Tuesday, April 20, 2010

Exploring the wonderful world of salads - Chicken and Coriander

My family's decided to change our dinner plan slightly and move into the fairly unexplored territory of salads. Coming from an indian background, that's not easy - rice and curry is easy - salads mean really moving out of our comfort zone in terms of food preparation.
Not that we've never made salads at home, but we're usually stumped on variety. My salads almost always have some combination of the same basic ingredients - lettuce, tomatoes, onions, parsley, olives, feta, croutons, mushrooms; and the same dressing - olive oil, vinegar, salt and pepper. On the odd occasion we deviate and cut up bite sized pieces of carrots, cucumber, lettuce or celery and serve it with a ranch dressing on the side. More commonly, we have indian raitha (yoghurt based salad with onions, cucumber and/or tomatoes).
So I was only too happy to oblige when mum asked me to go shopping for ingredients that had to go into a new chicken salad recipe she found. The recipe called for baby spinach, which sadly was not available in the market, so I substituted with a combination of lettuce and normal spinach (lightly stir-fried first). Other ingredients included snow peas, tomatoes, sweet red peppers, spring onions, cucumbers and finally coriander. Now coriander is a staple in indian cooking and somehow didn't fit in my mind as the right accompaniment to such definitely-not-indian ingredients like sweet red peppers, snow peas and lettuce! I could think of parsley or basil but coriander? Coriander is for curries right? I could extend its use to Thai cooking too, but this? Pushing my doubts aside however, I co-operated with this experiment expecting an interesting though not entirely harmonious result. Adding to my doubts was the dressing - sesame oil, soy sauce, sweet chilli sauce, vinegar - intense tastes on their own but how would they work with the already confused salad?

The result surprised me and reminded me somewhat of an Indian fusion dance. The sauteed chicken in garlic and olive oil absorbed some of the vinegar tang and soy sauce and turned into soft bursts of flavour through the salad. The sweetness of the snow peas and red peppers blended perfectly with the sweet and spicy chilli sauce and danced around with the strongly pungent citrusy flavour of the coriander. To be honest, I've never quite enjoyed the taste of coriander quite as much - it always seems to lose some flavour when sprinkled on hot cooked food. The raw, fresh, intense coriander taste was a real treat to my taste buds and while they didn't overpower they definitely complimented every ingredient in the salad! The spring onions lent their own element of surprise as they appeared now and then to provide that little extra pungent/sweet onion taste. The cucumbers, lettuce and tomatoes served no other purpose but to freshen the palate in among all the strong flavours fighting for prominence and thus they were highly appreciated! The mildly nutty, smoky sesame oil lent a strong appetite-arousing aroma to the dressing as it was being warmed but its taste seemed to get a bit lost in among all the tang, zing and salty/sweet of the salad. I felt it was there like the lighting on stage - to provide the atmosphere; that little bit extra that you wouldn't notice unless you really paid attention.
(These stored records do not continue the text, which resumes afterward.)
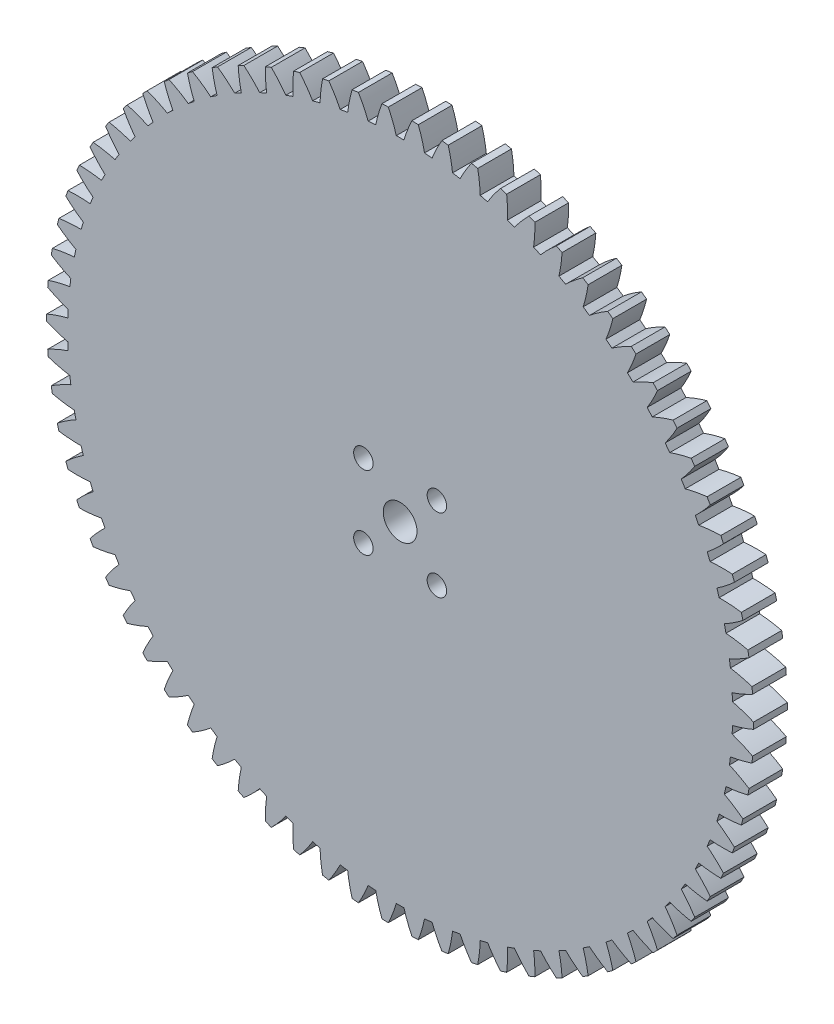
from build123d import *

# Parameters (mm, degrees)
BOSS_EXTRU_1_DEPTH      = 3.175
ENL_V_MAT_EXTRU_1_REACH = 96.233
ESQUISSE2_R             = 3.175
ESQUISSE2_R_2           = 1.83


with BuildPart() as part:
    # Esquisse1 → Boss.-Extru.1 (new, symmetric)
    with BuildSketch(Plane.XY):
        with BuildLine():
            ThreePointArc((62.531470316, -1.938169854), (64.541496389, -1.348612108), (66.497306232, -0.598551441))
            ThreePointArc((66.497306232, -0.598551441), (66.5, 0), (66.497306232, 0.598551441))
            ThreePointArc((66.497306232, 0.598551441), (64.541496389, 1.348612108), (62.531470316, 1.938169854))
            ThreePointArc((62.531470316, 1.938169854), (62.505129974, 2.655185334), (62.470568264, 3.371851574))
            ThreePointArc((62.470568264, 3.371851574), (64.423355205, 4.12974755), (66.308509633, 5.042970377))
            ThreePointArc((66.308509633, 5.042970377), (66.260432988, 5.639593978), (66.206988217, 6.235760683))
            ThreePointArc((66.206988217, 6.235760683), (64.194614612, 6.817254986), (62.141831691, 7.234226724))
            ThreePointArc((62.141831691, 7.234226724), (62.05477908, 7.94642533), (61.959564336, 8.657578734))
            ThreePointArc((61.959564336, 8.657578734), (63.841042271, 9.578352284), (65.641958703, 10.648157479))
            ThreePointArc((65.641958703, 10.648157479), (65.543458038, 11.238554551), (65.439647333, 11.828041126))
            ThreePointArc((65.439647333, 11.828041126), (63.385209166, 12.236779385), (61.304459745, 12.478160825))
            ThreePointArc((61.304459745, 12.478160825), (61.157322081, 13.18041115), (61.002140327, 13.880927841))
            ThreePointArc((61.002140327, 13.880927841), (62.798753164, 14.957944769), (64.502455955, 16.176624362))
            ThreePointArc((64.502455955, 16.176624362), (64.354240971, 16.756541082), (64.200812292, 17.335100262))
            ThreePointArc((64.200812292, 17.335100262), (62.119111835, 17.568137509), (60.025387762, 17.63218949))
            ThreePointArc((60.025387762, 17.63218949), (59.819225175, 18.319431805), (59.6051945, 19.004264545))
            ThreePointArc((59.6051945, 19.004264545), (61.303997602, 20.22976492), (62.898211535, 21.588538295))
            ThreePointArc((62.898211535, 21.588538295), (62.701350123, 22.15379635), (62.499408926, 22.717259603))
            ThreePointArc((62.499408926, 22.717259603), (60.40544488, 22.772916799), (58.313831485, 22.659177827))
            ThreePointArc((58.313831485, 22.659177827), (58.050129381, 23.326460535), (57.77879188, 23.990675087))
            ThreePointArc((57.77879188, 23.990675087), (59.367545333, 25.35582915), (60.840784059, 26.844906316))
            ThreePointArc((60.840784059, 26.844906316), (60.596694611, 27.391433008), (60.347695887, 27.935740568))
            ThreePointArc((60.347695887, 27.935740568), (58.256555311, 27.813616702), (56.182122715, 27.522906268))
            ThreePointArc((56.182122715, 27.522906268), (55.862781075, 28.165421581), (55.536091741, 28.804232266))
            ThreePointArc((55.536091741, 28.804232266), (57.003348538, 30.299204051), (58.34499734, 31.907856171))
            ThreePointArc((58.34499734, 31.907856171), (58.055438525, 32.431713764), (57.761176317, 32.952943882))
            ThreePointArc((57.761176317, 32.952943882), (55.687925925, 32.653918859), (53.645620464, 32.188331539))
            ThreePointArc((53.645620464, 32.188331539), (53.27294015, 32.80145012), (52.893252788, 33.410254291))
            ThreePointArc((52.893252788, 33.410254291), (54.228441312, 35.024272492), (55.428833578, 36.740909192))
            ThreePointArc((55.428833578, 36.740909192), (55.095891675, 37.238323278), (54.758486147, 37.732720481))
            ThreePointArc((54.758486147, 37.732720481), (52.718063758, 37.258948782), (50.722600289, 36.621839143))
            ThreePointArc((50.722600289, 36.621839143), (50.299266471, 37.201143459), (49.869316736, 37.775554668))
            ThreePointArc((49.869316736, 37.775554668), (51.062816923, 39.496990248), (52.113303799, 41.309243119))
            ThreePointArc((52.113303799, 41.309243119), (51.739377662, 41.77662982), (51.36125983, 42.240631964))
            ThreePointArc((51.36125983, 42.240631964), (49.368366733, 41.595527126), (47.434122615, 40.791485557))
            ThreePointArc((47.434122615, 40.791485557), (46.963185425, 41.332801707), (46.486071115, 41.868681309))
            ThreePointArc((46.486071115, 41.868681309), (47.529283768, 43.685131283), (48.422296473, 45.579943004))
            ThreePointArc((48.422296473, 45.579943004), (48.010080248, 46.013934787), (47.593974459, 46.444198725))
            ThreePointArc((47.593974459, 46.444198725), (45.662969494, 45.632408743), (43.803881002, 44.667228383))
            ThreePointArc((43.803881002, 44.667228383), (43.288733552, 45.166656172), (42.767892287, 45.660143141))
            ThreePointArc((42.767892287, 45.660143141), (43.653301034, 47.558519947), (44.382405391, 49.522238355))
            ThreePointArc((44.382405391, 49.522238355), (43.934869105, 49.919708299), (43.483773411, 50.31313397))
            ThreePointArc((43.483773411, 50.31313397), (41.628569514, 49.34050781), (39.858031422, 48.221142805))
            ThreePointArc((39.858031422, 48.221142805), (39.302385361, 48.675083844), (38.741569814, 49.122622595))
            ThreePointArc((38.741569814, 49.122622595), (39.462795266, 51.089248385), (40.022738062, 53.107724843))
            ThreePointArc((40.022738062, 53.107724843), (39.543106224, 53.465809169), (39.06027078, 53.819561933))
            ThreePointArc((39.06027078, 53.819561933), (37.294234736, 52.693107388), (35.625003812, 51.427622788))
            ThreePointArc((35.625003812, 51.427622788), (35.032862583, 51.832806421), (34.436113443, 52.231172428))
            ThreePointArc((34.436113443, 52.231172428), (34.987959154, 54.251877617), (35.374705987, 56.310568958))
            ThreePointArc((35.374705987, 56.310568958), (34.866434357, 56.626687659), (34.355338002, 56.938218718))
            ThreePointArc((34.355338002, 56.938218718), (32.691194142, 55.666051919), (31.135297233, 54.263565571))
            ThreePointArc((31.135297233, 54.263565571), (30.510927227, 54.617072441), (29.882544085, 54.963395467))
            ThreePointArc((29.882544085, 54.963395467), (30.261033995, 57.023620828), (30.471798345, 59.107694132))
            ThreePointArc((30.471798345, 59.107694132), (29.93854903, 59.379569567), (29.402874227, 59.646634333))
            ThreePointArc((29.402874227, 59.646634333), (27.852612746, 58.237921271), (26.421260125, 56.70853812))
            ThreePointArc((26.421260125, 56.70853812), (25.769159942, 57.007821201), (25.113670313, 57.299605982))
            ThreePointArc((25.113670313, 57.299605982), (25.316077392, 59.384507544), (25.349340698, 61.478947016))
            ThreePointArc((25.349340698, 61.478947016), (24.794955772, 61.704620315), (24.238562069, 61.92529458))
            ThreePointArc((24.238562069, 61.92529458), (22.813352637, 60.390185065), (21.516857232, 58.744924352))
            ThreePointArc((21.516857232, 58.744924352), (20.841725269, 58.987827304), (20.163851971, 59.222971522))
            ThreePointArc((20.163851971, 59.222971522), (20.188717871, 61.317527522), (20.04424047, 63.407242677))
            ThreePointArc((20.04424047, 63.407242677), (19.47271429, 63.58508786), (18.899610516, 63.757781661))
            ThreePointArc((18.899610516, 63.757781661), (17.609721799, 62.107336192), (16.457424889, 60.358052058))
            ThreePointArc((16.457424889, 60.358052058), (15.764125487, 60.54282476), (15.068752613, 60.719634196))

If salad is to be had as a main course for dinner, then I believe there needs to be soup or garlic bread as a starter or a side. Ciabatta was on my shopping list already and so it didn't take much imagination to decide on garlic bread - with a twist. I usually make garlic bread by stone-grinding butter, olive oil, garlic and a herb (usually fresh parsley or basil depending on what the main course is), spreading the mix on bread and always adding plenty of grated mozarella on top. This time I used the sesame oil instead of olive oil and coriander as my herb and ground some parmesan along with everything else. The sesame oil and parmesan really did their job in giving the garlic bread the 'twist' I desired. However, I had forgotten one important principle when it comes to coriander - the leaves lose their flavour when cooked and are best used as a garnish after taking off the heat! The coriander didn't give the bread the punch I expected, but I learn - next time use coriander as a garnish!

All said and done, it was an immensely satisfying and filling meal and I look forward to the next salad expedition!